初夏になって朝日が昇るのが早くなったせいか、いつもぎりぎりの僕がもう目を覚ましてしまっていた。枕もとの時計を見るとまだ朝の5時過ぎ。夏至前でどんどん日が高くなっていく中僕はうっすらと紗が掛かったような君の寝顔をこうやって静かに見ている時間が好きだ。もちろん、冬に向っていく薄ら寒い空気の中で、君が風邪を引かないようにしっかりと抱きしめたまま見ているのも幸せな気分になれて好きだ。


「君と出会えてよかった……」


もうすぐ起きるかもしれない君に僕はつい独り言を呟いた。そして寝乱れた前髪にゆっくりと指を絡ませてみる。高校生だった頃はちゃんと前髪と後ろ髪の区別がつくおかっぱ頭だったのに、いつのまにか君の髪まで大人びて長くしなやかになった。それでもかわいいことには変わりはない。

「……ん!?…………た……かふみ……さん?」
「おはよう。よく眠れた?」
「はい……っていつから?」
「いつからか忘れました」
「もう寝顔を見つめないでって何度言ったら……」

そんなつれないことを言わないでほしいな。
僕は君が安心しきった猫みたいに健やかに眠っている姿を見ていると、人類の幸せを全部独り占めしてるみたいな気分になれるのに。
真剣な顔で抗議する君がかわいくてその頬にちゅっと小さな音を立てて口付けると黙り込んで背中を向けられてしまった。

やや、ちょっと怒ってる?
それともびっくりしただけ?
ねぇってば。




隣の部屋で猫がにゃぁって鳴いた。
その声に反応して君は起き上がると、「お腹空いたのかな」って僕に聞く。「そうかもね、起きる?」と君に聞くとこくんと頷いてようやく僕の額にもキスしてくれた。君が泊まった翌朝一番の僕の額へのキスは「もう起きよう」の合図。僕もごそごそと起き上がると布団の周りに散らばったTシャツを頭から被る。君も僕のTシャツを頭から被って起き出した。

こんな幸せな朝は言葉なんていらないって本気で思う。そして、そんな気持ちにさせてくれる君の存在が僕にはかけがえのない宝物だ。

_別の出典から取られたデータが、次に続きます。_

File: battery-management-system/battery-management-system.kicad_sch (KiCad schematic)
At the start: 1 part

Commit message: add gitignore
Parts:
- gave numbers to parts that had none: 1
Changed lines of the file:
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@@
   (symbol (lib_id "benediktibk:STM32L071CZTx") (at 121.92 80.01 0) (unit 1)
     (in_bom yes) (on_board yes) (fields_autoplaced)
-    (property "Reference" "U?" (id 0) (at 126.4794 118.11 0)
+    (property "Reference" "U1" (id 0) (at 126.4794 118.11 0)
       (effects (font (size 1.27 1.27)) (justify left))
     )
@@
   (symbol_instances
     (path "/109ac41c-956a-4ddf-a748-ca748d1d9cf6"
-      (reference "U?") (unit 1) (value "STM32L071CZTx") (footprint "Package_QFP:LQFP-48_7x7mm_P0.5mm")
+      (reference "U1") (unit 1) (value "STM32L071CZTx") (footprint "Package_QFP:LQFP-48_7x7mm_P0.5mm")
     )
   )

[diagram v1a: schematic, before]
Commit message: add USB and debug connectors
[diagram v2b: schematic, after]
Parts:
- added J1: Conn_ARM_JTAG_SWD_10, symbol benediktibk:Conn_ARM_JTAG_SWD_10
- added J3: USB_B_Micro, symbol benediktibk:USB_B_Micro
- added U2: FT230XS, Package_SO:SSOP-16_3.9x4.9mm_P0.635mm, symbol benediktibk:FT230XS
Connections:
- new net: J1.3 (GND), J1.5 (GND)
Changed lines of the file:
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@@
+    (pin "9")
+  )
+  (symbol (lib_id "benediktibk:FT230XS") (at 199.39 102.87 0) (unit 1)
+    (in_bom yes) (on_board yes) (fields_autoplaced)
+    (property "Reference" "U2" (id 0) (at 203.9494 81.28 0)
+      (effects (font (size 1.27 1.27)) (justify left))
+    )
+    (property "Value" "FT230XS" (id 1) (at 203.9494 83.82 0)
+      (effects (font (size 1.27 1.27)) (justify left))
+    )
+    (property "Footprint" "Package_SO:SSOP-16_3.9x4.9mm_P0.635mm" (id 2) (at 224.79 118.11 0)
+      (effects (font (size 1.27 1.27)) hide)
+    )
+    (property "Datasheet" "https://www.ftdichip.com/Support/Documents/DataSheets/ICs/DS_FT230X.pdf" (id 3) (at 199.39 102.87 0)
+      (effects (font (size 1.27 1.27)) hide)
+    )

幸せな気分をそのままに、僕は起き上がった君を背中から抱きしめた。
そして首筋にわざとらしく音を立ててキスを3回。

ねぇ、こっちに向いてくれないかな。

僕は君を正面から見つめてゆっくりおはようとありがとうのキスをしたいんだ。


ねぇ、いいよね。

もう、しょうがない人ね。彼女は小さくそう言うとようやく僕の方に向き直ってくれた。

「貴文さん」
「はい、なんでしょう?」
「どうしてそんなに甘えた態度なんですか?なんだか猫みたい」
「前に言ったでしょ、僕は猫なんだって。もう忘れた?」
「ううん、覚えてる。貴文さんが猫なんだったらわたしがちゃんと遊んであげなきゃって思ったから覚えてる」
「そうだね、ありがとう」

僕は猫なんです、そんなことをつい君に言ってしまったことがあったね。普通、やーね何言ってんだか、なんて言って笑われるのがオチだけど、君はそんなことがなかった。むしろきょとんとしてたっけ。

その時の君がそんなことを思っていたなんて。

ごめんね、そして、ありがとう。
僕はきっと何度でも君を愛してるって言うよ。
百万回のキスと一緒に抱きしめながら。


あ、今お腹が鳴りました。
猫もお腹が空いたって鳴いてますね。
ささ、ツナサンドでも作りましょう。僕も手伝うから。